(Stored entries)
-----
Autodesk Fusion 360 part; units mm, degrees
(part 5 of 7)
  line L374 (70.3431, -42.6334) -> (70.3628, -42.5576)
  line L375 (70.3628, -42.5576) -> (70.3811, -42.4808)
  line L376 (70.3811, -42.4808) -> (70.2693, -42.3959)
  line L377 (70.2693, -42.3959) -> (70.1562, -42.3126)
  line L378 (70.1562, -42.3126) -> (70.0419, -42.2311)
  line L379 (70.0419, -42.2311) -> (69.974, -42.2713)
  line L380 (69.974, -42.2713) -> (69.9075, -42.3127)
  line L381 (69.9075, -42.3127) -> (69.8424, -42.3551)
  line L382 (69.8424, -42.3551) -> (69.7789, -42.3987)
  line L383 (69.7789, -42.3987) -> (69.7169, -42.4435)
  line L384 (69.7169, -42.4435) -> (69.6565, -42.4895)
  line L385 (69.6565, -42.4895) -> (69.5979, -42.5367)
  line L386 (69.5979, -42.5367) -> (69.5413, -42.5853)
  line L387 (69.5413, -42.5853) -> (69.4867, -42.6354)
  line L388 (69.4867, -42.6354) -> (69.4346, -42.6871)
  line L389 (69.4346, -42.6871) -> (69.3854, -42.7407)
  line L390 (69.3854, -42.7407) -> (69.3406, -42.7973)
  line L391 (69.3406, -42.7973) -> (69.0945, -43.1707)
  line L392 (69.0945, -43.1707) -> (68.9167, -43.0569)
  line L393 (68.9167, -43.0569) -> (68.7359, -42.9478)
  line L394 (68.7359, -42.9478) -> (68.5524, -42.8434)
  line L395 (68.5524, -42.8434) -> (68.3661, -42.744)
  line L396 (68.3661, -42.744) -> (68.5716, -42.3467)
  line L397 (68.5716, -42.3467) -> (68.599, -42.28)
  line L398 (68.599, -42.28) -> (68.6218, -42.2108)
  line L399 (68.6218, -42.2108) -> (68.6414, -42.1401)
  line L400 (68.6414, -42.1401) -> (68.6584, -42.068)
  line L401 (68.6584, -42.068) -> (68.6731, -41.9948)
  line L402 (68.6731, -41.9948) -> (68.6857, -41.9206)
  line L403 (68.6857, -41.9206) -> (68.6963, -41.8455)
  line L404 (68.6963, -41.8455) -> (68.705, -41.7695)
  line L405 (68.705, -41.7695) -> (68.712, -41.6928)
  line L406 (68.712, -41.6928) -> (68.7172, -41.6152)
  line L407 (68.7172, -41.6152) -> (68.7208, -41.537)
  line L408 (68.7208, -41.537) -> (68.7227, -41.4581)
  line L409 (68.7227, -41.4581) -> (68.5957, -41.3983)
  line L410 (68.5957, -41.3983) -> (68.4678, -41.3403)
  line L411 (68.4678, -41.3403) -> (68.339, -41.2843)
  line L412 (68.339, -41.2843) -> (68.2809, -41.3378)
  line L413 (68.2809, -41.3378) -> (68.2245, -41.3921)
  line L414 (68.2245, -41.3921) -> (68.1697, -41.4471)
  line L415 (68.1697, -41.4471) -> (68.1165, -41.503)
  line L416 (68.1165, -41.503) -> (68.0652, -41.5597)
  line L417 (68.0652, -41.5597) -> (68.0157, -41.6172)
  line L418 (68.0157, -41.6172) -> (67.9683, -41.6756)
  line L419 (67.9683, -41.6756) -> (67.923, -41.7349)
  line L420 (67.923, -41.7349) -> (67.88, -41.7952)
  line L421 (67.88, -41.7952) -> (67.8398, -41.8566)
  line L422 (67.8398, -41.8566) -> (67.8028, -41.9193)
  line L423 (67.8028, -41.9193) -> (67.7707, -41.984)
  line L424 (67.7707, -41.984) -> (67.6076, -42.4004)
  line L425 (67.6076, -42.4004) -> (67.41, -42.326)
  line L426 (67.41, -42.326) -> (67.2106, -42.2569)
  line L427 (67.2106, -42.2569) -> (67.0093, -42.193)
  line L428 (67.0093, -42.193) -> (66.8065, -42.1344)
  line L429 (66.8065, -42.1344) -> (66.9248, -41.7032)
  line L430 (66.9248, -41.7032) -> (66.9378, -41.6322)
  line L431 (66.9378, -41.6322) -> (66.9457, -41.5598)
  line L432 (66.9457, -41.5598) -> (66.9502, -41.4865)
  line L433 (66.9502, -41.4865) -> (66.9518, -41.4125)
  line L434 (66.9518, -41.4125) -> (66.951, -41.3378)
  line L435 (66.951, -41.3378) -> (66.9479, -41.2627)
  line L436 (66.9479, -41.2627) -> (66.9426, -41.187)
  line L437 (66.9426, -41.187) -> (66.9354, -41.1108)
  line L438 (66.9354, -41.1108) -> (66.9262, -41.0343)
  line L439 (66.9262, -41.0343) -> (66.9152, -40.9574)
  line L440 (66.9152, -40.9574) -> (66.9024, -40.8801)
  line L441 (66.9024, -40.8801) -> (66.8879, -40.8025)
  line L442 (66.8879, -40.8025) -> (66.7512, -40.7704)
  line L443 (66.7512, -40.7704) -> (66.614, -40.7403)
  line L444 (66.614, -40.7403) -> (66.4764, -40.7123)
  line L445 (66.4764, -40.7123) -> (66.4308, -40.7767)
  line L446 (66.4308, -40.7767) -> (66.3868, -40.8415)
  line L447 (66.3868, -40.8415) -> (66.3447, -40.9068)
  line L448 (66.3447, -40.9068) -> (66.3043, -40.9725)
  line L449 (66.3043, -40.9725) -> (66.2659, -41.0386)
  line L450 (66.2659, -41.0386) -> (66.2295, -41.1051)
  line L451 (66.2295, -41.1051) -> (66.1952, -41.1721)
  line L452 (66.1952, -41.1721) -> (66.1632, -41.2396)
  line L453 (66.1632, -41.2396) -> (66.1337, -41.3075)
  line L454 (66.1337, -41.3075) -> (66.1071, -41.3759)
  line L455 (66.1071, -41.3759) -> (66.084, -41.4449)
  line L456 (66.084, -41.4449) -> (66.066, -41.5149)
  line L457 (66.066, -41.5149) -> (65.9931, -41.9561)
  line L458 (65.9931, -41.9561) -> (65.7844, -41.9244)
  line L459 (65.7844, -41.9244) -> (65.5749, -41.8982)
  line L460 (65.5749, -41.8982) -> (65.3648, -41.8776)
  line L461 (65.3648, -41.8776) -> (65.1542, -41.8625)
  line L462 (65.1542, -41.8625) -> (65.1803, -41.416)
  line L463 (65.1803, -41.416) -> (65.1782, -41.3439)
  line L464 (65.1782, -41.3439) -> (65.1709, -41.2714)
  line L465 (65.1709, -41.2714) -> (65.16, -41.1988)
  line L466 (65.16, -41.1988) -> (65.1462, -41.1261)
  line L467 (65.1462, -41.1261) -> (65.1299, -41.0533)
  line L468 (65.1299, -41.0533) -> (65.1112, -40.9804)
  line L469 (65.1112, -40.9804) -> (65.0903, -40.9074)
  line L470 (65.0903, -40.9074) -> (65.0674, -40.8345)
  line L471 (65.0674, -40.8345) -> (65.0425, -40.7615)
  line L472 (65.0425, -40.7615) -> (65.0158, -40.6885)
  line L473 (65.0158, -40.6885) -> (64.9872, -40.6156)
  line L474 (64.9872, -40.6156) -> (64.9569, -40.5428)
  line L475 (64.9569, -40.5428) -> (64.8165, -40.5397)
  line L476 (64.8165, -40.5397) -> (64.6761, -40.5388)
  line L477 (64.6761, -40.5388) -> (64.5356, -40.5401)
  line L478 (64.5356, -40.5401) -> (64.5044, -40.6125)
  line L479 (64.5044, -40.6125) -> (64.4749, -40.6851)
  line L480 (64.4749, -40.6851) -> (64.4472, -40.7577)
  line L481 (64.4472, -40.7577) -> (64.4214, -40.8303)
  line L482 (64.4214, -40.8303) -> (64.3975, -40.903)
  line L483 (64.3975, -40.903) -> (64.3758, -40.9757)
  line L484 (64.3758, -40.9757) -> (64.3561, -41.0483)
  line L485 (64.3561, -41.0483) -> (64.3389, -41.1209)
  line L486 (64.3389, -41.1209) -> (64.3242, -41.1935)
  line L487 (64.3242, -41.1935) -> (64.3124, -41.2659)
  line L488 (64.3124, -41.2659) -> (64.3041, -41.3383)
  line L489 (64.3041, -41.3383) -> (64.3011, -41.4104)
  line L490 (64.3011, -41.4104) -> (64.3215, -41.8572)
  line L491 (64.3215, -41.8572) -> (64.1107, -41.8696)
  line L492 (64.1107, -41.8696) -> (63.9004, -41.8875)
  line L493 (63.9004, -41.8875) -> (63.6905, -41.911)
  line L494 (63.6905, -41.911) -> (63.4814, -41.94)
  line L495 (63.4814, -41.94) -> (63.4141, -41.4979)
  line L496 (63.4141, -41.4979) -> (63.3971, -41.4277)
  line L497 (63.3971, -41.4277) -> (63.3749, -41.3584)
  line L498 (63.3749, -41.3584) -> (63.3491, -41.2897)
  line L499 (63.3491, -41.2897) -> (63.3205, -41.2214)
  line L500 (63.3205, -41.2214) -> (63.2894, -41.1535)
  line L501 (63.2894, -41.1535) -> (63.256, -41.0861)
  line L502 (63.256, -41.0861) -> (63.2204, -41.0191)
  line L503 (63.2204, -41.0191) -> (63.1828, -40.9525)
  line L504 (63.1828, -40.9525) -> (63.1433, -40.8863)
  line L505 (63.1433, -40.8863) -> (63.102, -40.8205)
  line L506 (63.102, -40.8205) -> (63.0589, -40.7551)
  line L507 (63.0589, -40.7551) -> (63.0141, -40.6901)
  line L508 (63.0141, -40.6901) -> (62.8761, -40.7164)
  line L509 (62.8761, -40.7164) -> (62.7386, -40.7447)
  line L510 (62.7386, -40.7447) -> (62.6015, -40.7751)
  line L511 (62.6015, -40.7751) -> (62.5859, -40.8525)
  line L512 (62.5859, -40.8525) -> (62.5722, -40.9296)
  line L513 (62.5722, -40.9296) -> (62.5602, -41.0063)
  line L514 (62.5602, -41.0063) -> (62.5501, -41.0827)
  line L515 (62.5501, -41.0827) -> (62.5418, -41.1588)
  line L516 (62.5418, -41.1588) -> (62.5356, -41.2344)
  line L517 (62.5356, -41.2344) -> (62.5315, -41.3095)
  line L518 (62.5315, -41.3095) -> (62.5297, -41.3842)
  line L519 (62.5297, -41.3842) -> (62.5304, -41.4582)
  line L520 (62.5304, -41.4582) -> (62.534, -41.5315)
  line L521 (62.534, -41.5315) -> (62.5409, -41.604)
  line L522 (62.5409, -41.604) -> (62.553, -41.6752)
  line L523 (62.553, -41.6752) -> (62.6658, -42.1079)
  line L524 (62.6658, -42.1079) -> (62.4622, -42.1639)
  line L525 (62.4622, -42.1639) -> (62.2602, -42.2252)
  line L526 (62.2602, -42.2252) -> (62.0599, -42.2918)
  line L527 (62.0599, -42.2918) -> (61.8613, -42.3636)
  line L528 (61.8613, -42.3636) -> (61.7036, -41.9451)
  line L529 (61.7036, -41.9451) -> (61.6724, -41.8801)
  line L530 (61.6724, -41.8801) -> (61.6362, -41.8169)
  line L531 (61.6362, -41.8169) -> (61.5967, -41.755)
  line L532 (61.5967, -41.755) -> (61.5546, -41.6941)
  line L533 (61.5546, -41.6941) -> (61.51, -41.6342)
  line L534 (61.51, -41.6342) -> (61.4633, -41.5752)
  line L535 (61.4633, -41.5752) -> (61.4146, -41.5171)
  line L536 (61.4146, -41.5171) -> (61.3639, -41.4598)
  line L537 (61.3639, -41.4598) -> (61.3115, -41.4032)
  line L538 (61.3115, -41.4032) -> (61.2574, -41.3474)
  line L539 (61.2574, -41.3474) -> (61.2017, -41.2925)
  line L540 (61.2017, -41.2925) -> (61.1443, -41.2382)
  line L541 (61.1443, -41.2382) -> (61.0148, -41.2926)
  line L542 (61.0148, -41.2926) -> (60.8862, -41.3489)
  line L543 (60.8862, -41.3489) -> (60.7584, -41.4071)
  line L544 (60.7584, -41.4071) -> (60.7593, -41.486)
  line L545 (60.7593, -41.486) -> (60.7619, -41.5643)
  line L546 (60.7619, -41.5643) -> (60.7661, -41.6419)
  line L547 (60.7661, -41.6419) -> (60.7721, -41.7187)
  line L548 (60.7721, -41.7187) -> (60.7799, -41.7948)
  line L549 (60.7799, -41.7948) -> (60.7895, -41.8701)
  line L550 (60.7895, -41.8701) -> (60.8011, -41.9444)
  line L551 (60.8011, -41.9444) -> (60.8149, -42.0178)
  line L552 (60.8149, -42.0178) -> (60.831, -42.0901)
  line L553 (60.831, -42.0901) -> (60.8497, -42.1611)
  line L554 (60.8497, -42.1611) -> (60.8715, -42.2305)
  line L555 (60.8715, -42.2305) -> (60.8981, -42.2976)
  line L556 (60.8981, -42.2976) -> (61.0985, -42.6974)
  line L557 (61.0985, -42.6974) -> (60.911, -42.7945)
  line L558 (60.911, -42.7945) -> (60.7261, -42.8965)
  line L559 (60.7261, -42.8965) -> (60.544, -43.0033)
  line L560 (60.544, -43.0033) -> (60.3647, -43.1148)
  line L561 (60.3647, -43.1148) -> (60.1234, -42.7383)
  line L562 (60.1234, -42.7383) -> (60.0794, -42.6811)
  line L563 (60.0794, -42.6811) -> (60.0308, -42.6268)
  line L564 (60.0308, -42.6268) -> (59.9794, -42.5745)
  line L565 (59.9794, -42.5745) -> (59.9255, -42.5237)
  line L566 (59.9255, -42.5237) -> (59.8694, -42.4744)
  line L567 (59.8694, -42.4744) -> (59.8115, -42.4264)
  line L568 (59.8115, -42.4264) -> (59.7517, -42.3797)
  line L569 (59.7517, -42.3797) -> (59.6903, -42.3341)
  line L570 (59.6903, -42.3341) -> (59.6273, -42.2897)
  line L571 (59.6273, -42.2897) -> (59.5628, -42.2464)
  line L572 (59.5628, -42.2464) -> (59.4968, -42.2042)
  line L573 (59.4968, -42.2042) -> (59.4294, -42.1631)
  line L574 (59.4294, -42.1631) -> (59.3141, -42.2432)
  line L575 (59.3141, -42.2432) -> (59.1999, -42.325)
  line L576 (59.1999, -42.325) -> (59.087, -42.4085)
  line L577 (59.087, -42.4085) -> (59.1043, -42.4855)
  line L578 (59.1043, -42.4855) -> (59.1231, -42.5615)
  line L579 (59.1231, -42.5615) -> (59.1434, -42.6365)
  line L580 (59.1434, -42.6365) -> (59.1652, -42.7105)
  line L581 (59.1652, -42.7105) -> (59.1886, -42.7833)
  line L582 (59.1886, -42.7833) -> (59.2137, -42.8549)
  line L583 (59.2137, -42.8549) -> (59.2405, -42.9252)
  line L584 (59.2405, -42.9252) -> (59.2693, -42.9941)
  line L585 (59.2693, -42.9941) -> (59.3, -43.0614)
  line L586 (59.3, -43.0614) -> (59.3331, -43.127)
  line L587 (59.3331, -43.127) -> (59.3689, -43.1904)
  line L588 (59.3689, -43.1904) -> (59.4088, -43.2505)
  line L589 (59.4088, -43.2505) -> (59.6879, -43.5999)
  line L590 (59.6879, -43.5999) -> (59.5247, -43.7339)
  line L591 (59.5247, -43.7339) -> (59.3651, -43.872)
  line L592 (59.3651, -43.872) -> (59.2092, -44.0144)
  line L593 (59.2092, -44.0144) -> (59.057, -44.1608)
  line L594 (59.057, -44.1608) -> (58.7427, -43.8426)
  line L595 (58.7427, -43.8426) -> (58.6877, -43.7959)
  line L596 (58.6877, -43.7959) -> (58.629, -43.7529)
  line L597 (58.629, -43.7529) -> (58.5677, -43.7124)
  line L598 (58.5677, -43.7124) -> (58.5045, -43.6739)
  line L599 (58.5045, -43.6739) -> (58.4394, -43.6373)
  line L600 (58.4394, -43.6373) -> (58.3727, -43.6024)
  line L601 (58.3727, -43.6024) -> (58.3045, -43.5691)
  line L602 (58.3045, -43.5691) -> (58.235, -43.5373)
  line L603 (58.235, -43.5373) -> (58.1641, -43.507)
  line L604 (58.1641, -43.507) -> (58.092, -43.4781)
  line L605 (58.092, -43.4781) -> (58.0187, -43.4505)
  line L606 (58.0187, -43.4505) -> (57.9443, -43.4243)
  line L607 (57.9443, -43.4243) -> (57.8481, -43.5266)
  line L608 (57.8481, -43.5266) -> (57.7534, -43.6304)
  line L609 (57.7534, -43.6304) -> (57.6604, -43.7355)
-----
— PROMPT —
Using the data above, print exactly the lines from the line that contains "line L557 (61.0985, -42.6974)" through the line that contains "line L565 (59.9794, -42.5745)", with both included.

— TASK RESPONSE —
  line L557 (61.0985, -42.6974) -> (60.911, -42.7945)
  line L558 (60.911, -42.7945) -> (60.7261, -42.8965)
  line L559 (60.7261, -42.8965) -> (60.544, -43.0033)
  line L560 (60.544, -43.0033) -> (60.3647, -43.1148)
  line L561 (60.3647, -43.1148) -> (60.1234, -42.7383)
  line L562 (60.1234, -42.7383) -> (60.0794, -42.6811)
  line L563 (60.0794, -42.6811) -> (60.0308, -42.6268)
  line L564 (60.0308, -42.6268) -> (59.9794, -42.5745)
  line L565 (59.9794, -42.5745) -> (59.9255, -42.5237)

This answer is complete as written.